* _Exercise requirements_
Your answer must be an exact copy of the lines below, from the first through the one with "- net ETH_1_TX_EN: now also J6.14 (Pin_14)", with no pictures.
─── Information ───
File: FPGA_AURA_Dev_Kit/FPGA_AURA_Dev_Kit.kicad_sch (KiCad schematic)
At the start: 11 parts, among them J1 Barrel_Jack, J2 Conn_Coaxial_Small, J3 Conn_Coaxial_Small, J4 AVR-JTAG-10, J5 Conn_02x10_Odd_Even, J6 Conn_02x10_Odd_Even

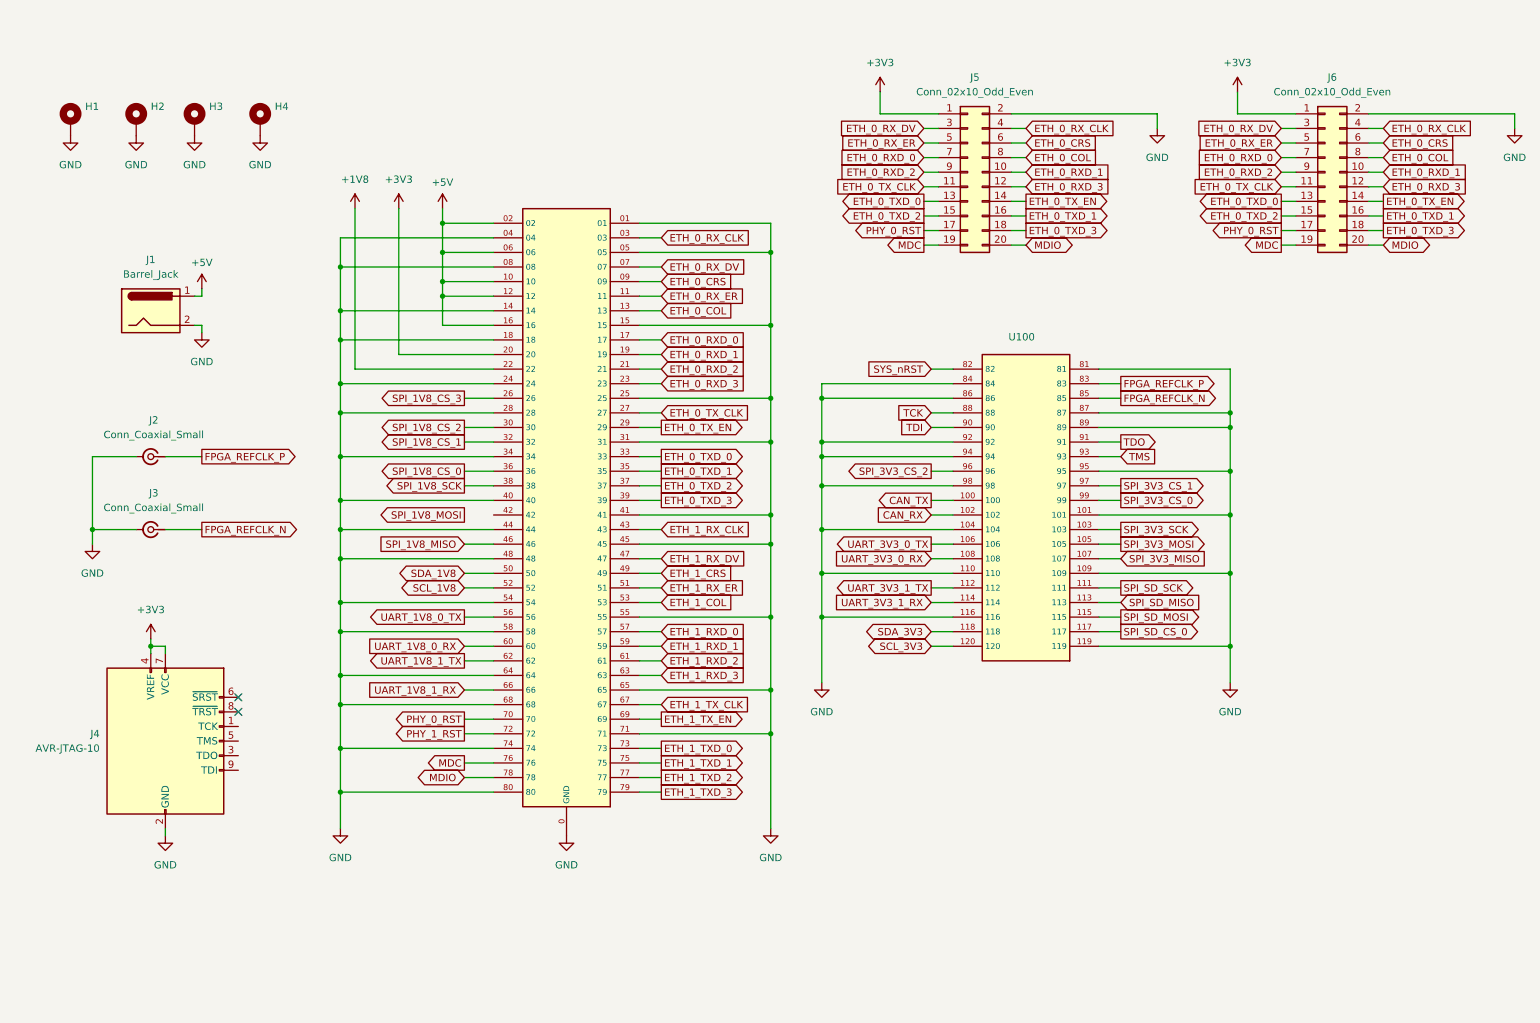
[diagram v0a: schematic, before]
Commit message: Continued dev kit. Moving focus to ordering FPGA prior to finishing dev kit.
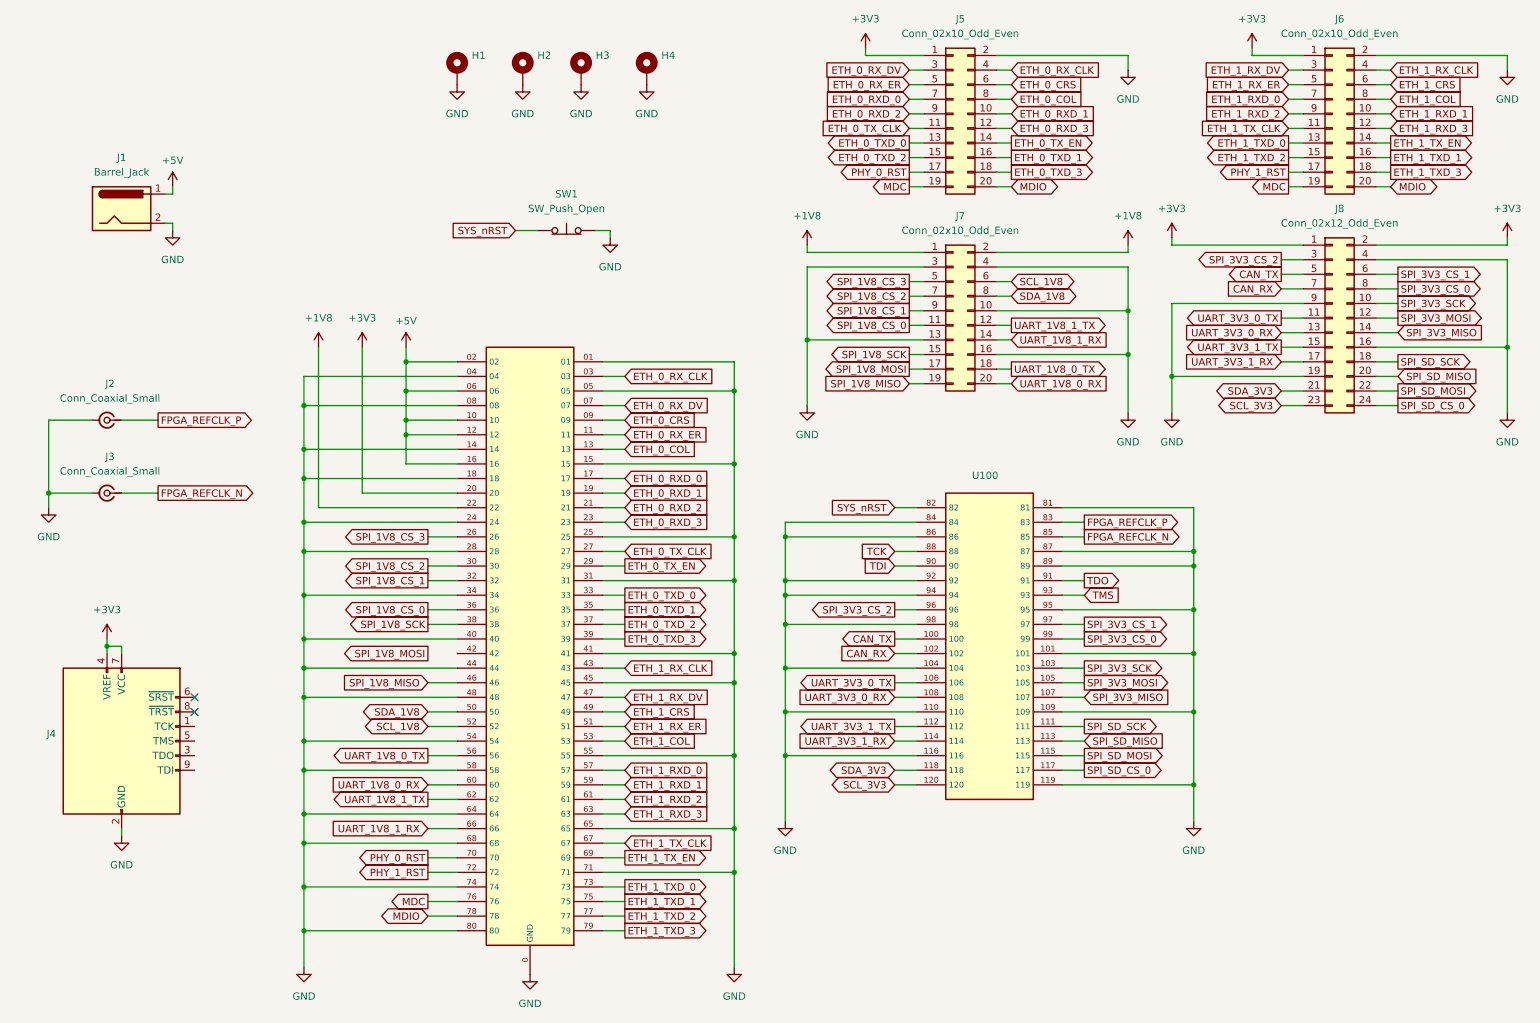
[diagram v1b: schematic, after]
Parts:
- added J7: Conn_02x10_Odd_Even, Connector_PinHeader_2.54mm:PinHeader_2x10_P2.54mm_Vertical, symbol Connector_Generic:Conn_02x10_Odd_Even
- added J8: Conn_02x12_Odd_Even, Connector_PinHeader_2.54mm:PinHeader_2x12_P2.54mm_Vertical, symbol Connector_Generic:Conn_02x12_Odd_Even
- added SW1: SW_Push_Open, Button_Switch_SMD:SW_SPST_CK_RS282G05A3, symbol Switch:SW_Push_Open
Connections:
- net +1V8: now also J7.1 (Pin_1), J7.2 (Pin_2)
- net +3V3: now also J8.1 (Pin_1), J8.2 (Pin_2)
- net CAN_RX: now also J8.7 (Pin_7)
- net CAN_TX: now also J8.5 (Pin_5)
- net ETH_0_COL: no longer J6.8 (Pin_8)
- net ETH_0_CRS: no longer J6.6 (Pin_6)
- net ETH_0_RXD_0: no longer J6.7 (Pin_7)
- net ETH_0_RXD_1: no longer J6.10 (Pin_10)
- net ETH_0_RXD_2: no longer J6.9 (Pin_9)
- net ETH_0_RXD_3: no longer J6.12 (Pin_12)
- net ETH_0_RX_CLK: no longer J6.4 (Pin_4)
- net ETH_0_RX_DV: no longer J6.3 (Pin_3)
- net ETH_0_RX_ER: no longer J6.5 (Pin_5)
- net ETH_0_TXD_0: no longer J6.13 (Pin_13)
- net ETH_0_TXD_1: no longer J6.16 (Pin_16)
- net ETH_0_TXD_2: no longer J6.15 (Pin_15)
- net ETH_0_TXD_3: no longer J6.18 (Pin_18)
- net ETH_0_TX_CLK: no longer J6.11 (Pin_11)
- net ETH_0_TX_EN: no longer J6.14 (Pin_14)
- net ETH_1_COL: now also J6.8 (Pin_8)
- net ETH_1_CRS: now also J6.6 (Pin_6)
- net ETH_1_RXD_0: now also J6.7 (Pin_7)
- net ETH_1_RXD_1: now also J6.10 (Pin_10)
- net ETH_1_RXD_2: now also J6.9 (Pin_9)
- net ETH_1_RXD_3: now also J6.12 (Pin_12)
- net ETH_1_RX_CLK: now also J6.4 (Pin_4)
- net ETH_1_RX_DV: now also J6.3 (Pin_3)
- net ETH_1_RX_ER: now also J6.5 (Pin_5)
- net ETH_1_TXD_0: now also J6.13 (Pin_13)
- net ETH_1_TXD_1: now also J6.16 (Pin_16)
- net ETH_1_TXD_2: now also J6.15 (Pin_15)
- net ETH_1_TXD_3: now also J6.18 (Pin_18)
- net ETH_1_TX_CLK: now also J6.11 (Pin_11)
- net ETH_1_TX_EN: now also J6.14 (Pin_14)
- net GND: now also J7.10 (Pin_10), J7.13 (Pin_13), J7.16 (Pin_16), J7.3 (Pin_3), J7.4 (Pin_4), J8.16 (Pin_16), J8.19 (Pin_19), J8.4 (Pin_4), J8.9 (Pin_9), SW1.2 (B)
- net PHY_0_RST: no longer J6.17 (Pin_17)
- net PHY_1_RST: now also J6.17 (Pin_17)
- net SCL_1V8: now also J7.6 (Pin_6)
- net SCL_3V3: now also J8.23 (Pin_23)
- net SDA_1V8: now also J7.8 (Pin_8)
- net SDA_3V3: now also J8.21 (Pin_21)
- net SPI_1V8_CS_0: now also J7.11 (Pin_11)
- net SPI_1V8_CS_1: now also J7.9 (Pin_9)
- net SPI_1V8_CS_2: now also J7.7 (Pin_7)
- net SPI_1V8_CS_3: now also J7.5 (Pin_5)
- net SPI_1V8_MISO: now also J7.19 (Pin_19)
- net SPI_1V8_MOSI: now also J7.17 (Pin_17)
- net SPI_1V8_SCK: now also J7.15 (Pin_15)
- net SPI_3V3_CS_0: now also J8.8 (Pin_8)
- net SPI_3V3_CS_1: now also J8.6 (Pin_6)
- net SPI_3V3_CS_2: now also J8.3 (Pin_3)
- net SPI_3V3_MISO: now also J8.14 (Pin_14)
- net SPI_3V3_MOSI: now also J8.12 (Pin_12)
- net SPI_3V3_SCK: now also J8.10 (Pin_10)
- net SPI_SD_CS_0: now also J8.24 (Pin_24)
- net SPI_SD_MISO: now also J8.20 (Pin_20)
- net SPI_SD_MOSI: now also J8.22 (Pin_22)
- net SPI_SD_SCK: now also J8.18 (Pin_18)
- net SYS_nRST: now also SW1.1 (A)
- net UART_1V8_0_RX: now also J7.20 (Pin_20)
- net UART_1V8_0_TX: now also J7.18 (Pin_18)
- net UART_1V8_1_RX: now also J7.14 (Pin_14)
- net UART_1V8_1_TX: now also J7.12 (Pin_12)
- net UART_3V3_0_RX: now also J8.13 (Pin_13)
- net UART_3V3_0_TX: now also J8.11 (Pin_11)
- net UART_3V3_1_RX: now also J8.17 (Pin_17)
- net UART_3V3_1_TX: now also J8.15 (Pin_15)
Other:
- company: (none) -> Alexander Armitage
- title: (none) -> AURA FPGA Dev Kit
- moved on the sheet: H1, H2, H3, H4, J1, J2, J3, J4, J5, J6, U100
───
* _Response box_
File: FPGA_AURA_Dev_Kit/FPGA_AURA_Dev_Kit.kicad_sch (KiCad schematic)
At the start: 11 parts, among them J1 Barrel_Jack, J2 Conn_Coaxial_Small, J3 Conn_Coaxial_Small, J4 AVR-JTAG-10, J5 Conn_02x10_Odd_Even, J6 Conn_02x10_Odd_Even

[diagram v0a: schematic, before]
Commit message: Continued dev kit. Moving focus to ordering FPGA prior to finishing dev kit.
[diagram v1b: schematic, after]
Parts:
- added J7: Conn_02x10_Odd_Even, Connector_PinHeader_2.54mm:PinHeader_2x10_P2.54mm_Vertical, symbol Connector_Generic:Conn_02x10_Odd_Even
- added J8: Conn_02x12_Odd_Even, Connector_PinHeader_2.54mm:PinHeader_2x12_P2.54mm_Vertical, symbol Connector_Generic:Conn_02x12_Odd_Even
- added SW1: SW_Push_Open, Button_Switch_SMD:SW_SPST_CK_RS282G05A3, symbol Switch:SW_Push_Open
Connections:
- net +1V8: now also J7.1 (Pin_1), J7.2 (Pin_2)
- net +3V3: now also J8.1 (Pin_1), J8.2 (Pin_2)
- net CAN_RX: now also J8.7 (Pin_7)
- net CAN_TX: now also J8.5 (Pin_5)
- net ETH_0_COL: no longer J6.8 (Pin_8)
- net ETH_0_CRS: no longer J6.6 (Pin_6)
- net ETH_0_RXD_0: no longer J6.7 (Pin_7)
- net ETH_0_RXD_1: no longer J6.10 (Pin_10)
- net ETH_0_RXD_2: no longer J6.9 (Pin_9)
- net ETH_0_RXD_3: no longer J6.12 (Pin_12)
- net ETH_0_RX_CLK: no longer J6.4 (Pin_4)
- net ETH_0_RX_DV: no longer J6.3 (Pin_3)
- net ETH_0_RX_ER: no longer J6.5 (Pin_5)
- net ETH_0_TXD_0: no longer J6.13 (Pin_13)
- net ETH_0_TXD_1: no longer J6.16 (Pin_16)
- net ETH_0_TXD_2: no longer J6.15 (Pin_15)
- net ETH_0_TXD_3: no longer J6.18 (Pin_18)
- net ETH_0_TX_CLK: no longer J6.11 (Pin_11)
- net ETH_0_TX_EN: no longer J6.14 (Pin_14)
- net ETH_1_COL: now also J6.8 (Pin_8)
- net ETH_1_CRS: now also J6.6 (Pin_6)
- net ETH_1_RXD_0: now also J6.7 (Pin_7)
- net ETH_1_RXD_1: now also J6.10 (Pin_10)
- net ETH_1_RXD_2: now also J6.9 (Pin_9)
- net ETH_1_RXD_3: now also J6.12 (Pin_12)
- net ETH_1_RX_CLK: now also J6.4 (Pin_4)
- net ETH_1_RX_DV: now also J6.3 (Pin_3)
- net ETH_1_RX_ER: now also J6.5 (Pin_5)
- net ETH_1_TXD_0: now also J6.13 (Pin_13)
- net ETH_1_TXD_1: now also J6.16 (Pin_16)
- net ETH_1_TXD_2: now also J6.15 (Pin_15)
- net ETH_1_TXD_3: now also J6.18 (Pin_18)
- net ETH_1_TX_CLK: now also J6.11 (Pin_11)
- net ETH_1_TX_EN: now also J6.14 (Pin_14)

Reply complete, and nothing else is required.